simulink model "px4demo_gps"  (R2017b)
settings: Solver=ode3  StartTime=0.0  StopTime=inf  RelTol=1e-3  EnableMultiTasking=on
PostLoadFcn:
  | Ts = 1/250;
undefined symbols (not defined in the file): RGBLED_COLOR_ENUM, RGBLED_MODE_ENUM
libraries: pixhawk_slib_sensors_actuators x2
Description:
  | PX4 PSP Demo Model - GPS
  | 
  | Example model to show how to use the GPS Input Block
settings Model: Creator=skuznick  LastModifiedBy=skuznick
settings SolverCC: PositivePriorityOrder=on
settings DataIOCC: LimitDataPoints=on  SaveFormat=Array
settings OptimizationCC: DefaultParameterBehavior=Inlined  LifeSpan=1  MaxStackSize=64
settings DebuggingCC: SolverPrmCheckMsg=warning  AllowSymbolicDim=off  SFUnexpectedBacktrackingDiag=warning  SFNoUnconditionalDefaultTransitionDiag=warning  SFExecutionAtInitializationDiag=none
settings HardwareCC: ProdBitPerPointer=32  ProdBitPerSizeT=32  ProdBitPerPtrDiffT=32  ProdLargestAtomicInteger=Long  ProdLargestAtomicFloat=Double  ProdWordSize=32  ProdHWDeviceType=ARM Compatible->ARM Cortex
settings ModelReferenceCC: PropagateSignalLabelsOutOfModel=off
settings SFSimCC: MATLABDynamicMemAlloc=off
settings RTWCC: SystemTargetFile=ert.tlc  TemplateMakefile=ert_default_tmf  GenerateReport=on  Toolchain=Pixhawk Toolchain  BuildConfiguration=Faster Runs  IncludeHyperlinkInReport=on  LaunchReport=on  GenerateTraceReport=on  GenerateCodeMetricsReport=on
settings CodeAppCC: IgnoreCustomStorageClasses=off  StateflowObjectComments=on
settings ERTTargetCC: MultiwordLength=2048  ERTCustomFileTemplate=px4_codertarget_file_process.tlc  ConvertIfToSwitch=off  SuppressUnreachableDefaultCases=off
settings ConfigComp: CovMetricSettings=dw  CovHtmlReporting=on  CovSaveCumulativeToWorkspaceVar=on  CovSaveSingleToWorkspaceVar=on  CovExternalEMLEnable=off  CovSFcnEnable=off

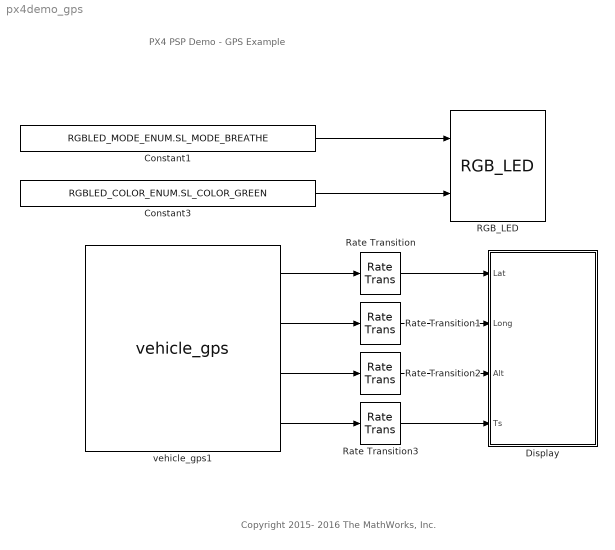
== system px4demo_gps ==
  note: Copyright 2015- 2016 The MathWorks, Inc.
  note: PX4 PSP Demo - GPS Example
  Constant1 : Constant  Value=RGBLED_MODE_ENUM.SL_MODE_BREATHE  OutDataTypeStr=Enum: RGBLED_MODE_ENUM  SampleTime=1
  Constant3 : Constant  Value=RGBLED_COLOR_ENUM.SL_COLOR_GREEN  OutDataTypeStr=Enum: RGBLED_COLOR_ENUM  SampleTime=1
  Display : Subsystem  TreatAsAtomicUnit=on  SystemSampleTime=1
  RGB_LED : pixhawk_slib_sensors_actuators/RGB_LED
      settings: SourceProductName=Pixhawk Target Blocks
  Rate Transition{,1..3} (4 alike) : RateTransition
  vehicle_gps1 : pixhawk_slib_sensors_actuators/vehicle_gps  sampletime=1/250  show_alt=on  show_ts_gps=on  show_vel=off  show_fixtype=off  show_numsat=off
      settings: SourceProductName=Pixhawk Target Blocks
  wires:
  Constant1/1 -> RGB_LED/1
  Constant3/1 -> RGB_LED/2
  vehicle_gps1/1 -> Rate Transition/1
  vehicle_gps1/2 -> Rate Transition1/1
  vehicle_gps1/4 -> Rate Transition3/1
  vehicle_gps1/3 -> Rate Transition2/1
  Rate Transition/1 -> Display/1(Lat)
  Rate Transition1/1 -> Display/2(Long)
  Rate Transition2/1 -> Display/3(Alt)
  Rate Transition3/1 -> Display/4(Ts)

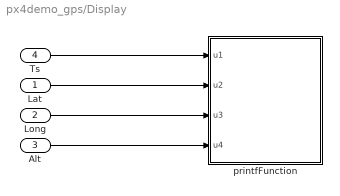
== system px4demo_gps/Display ==
  Lat : Inport
  Long : Inport  Port=2
  Alt : Inport  Port=3
  Ts : Inport  Port=4
  printfFunction : MATLAB Function  TreatAsAtomicUnit=on
  wires:
  Ts/1 -> printfFunction/1(u1)
  Lat/1 -> printfFunction/2(u2)
  Long/1 -> printfFunction/3(u3)
  Alt/1 -> printfFunction/4(u4)

== matlab function px4demo_gps/Display/printfFunction ==
  data: u1 input double; u2 input int32; u3 input int32; u4 input
function fcn(u1, u2, u3,u4)
%#codegen

if strcmp(coder.target, 'rtw') == true
    coder.ceval('printf',['UTC Time GPS->TS: %f ', uint8(10) uint8(0)],   u1);
    coder.ceval('printf',['GPS->LAT: %d ', uint8(10) uint8(0)], int32(u2));
    coder.ceval('printf',['GPS->LON: %d ', uint8(10) uint8(0)], int32(u3));
    coder.ceval('printf',['GPS->ALT: %d ', uint8(10) uint8(0)], int32(u4));

end

++++++

Work to complete:
All pictures are to be skipped. Output, word for word, the lines in the data above starting at the line containing "Rate Transition3/1 -> Display/4(Ts)" and ending at the line containing "matlab function px4demo_gps/Display/printfFunction".

Result for this task:
  Rate Transition3/1 -> Display/4(Ts)

== system px4demo_gps/Display ==
  Lat : Inport
  Long : Inport  Port=2
  Alt : Inport  Port=3
  Ts : Inport  Port=4
  printfFunction : MATLAB Function  TreatAsAtomicUnit=on
  wires:
  Ts/1 -> printfFunction/1(u1)
  Lat/1 -> printfFunction/2(u2)
  Long/1 -> printfFunction/3(u3)
  Alt/1 -> printfFunction/4(u4)

== matlab function px4demo_gps/Display/printfFunction ==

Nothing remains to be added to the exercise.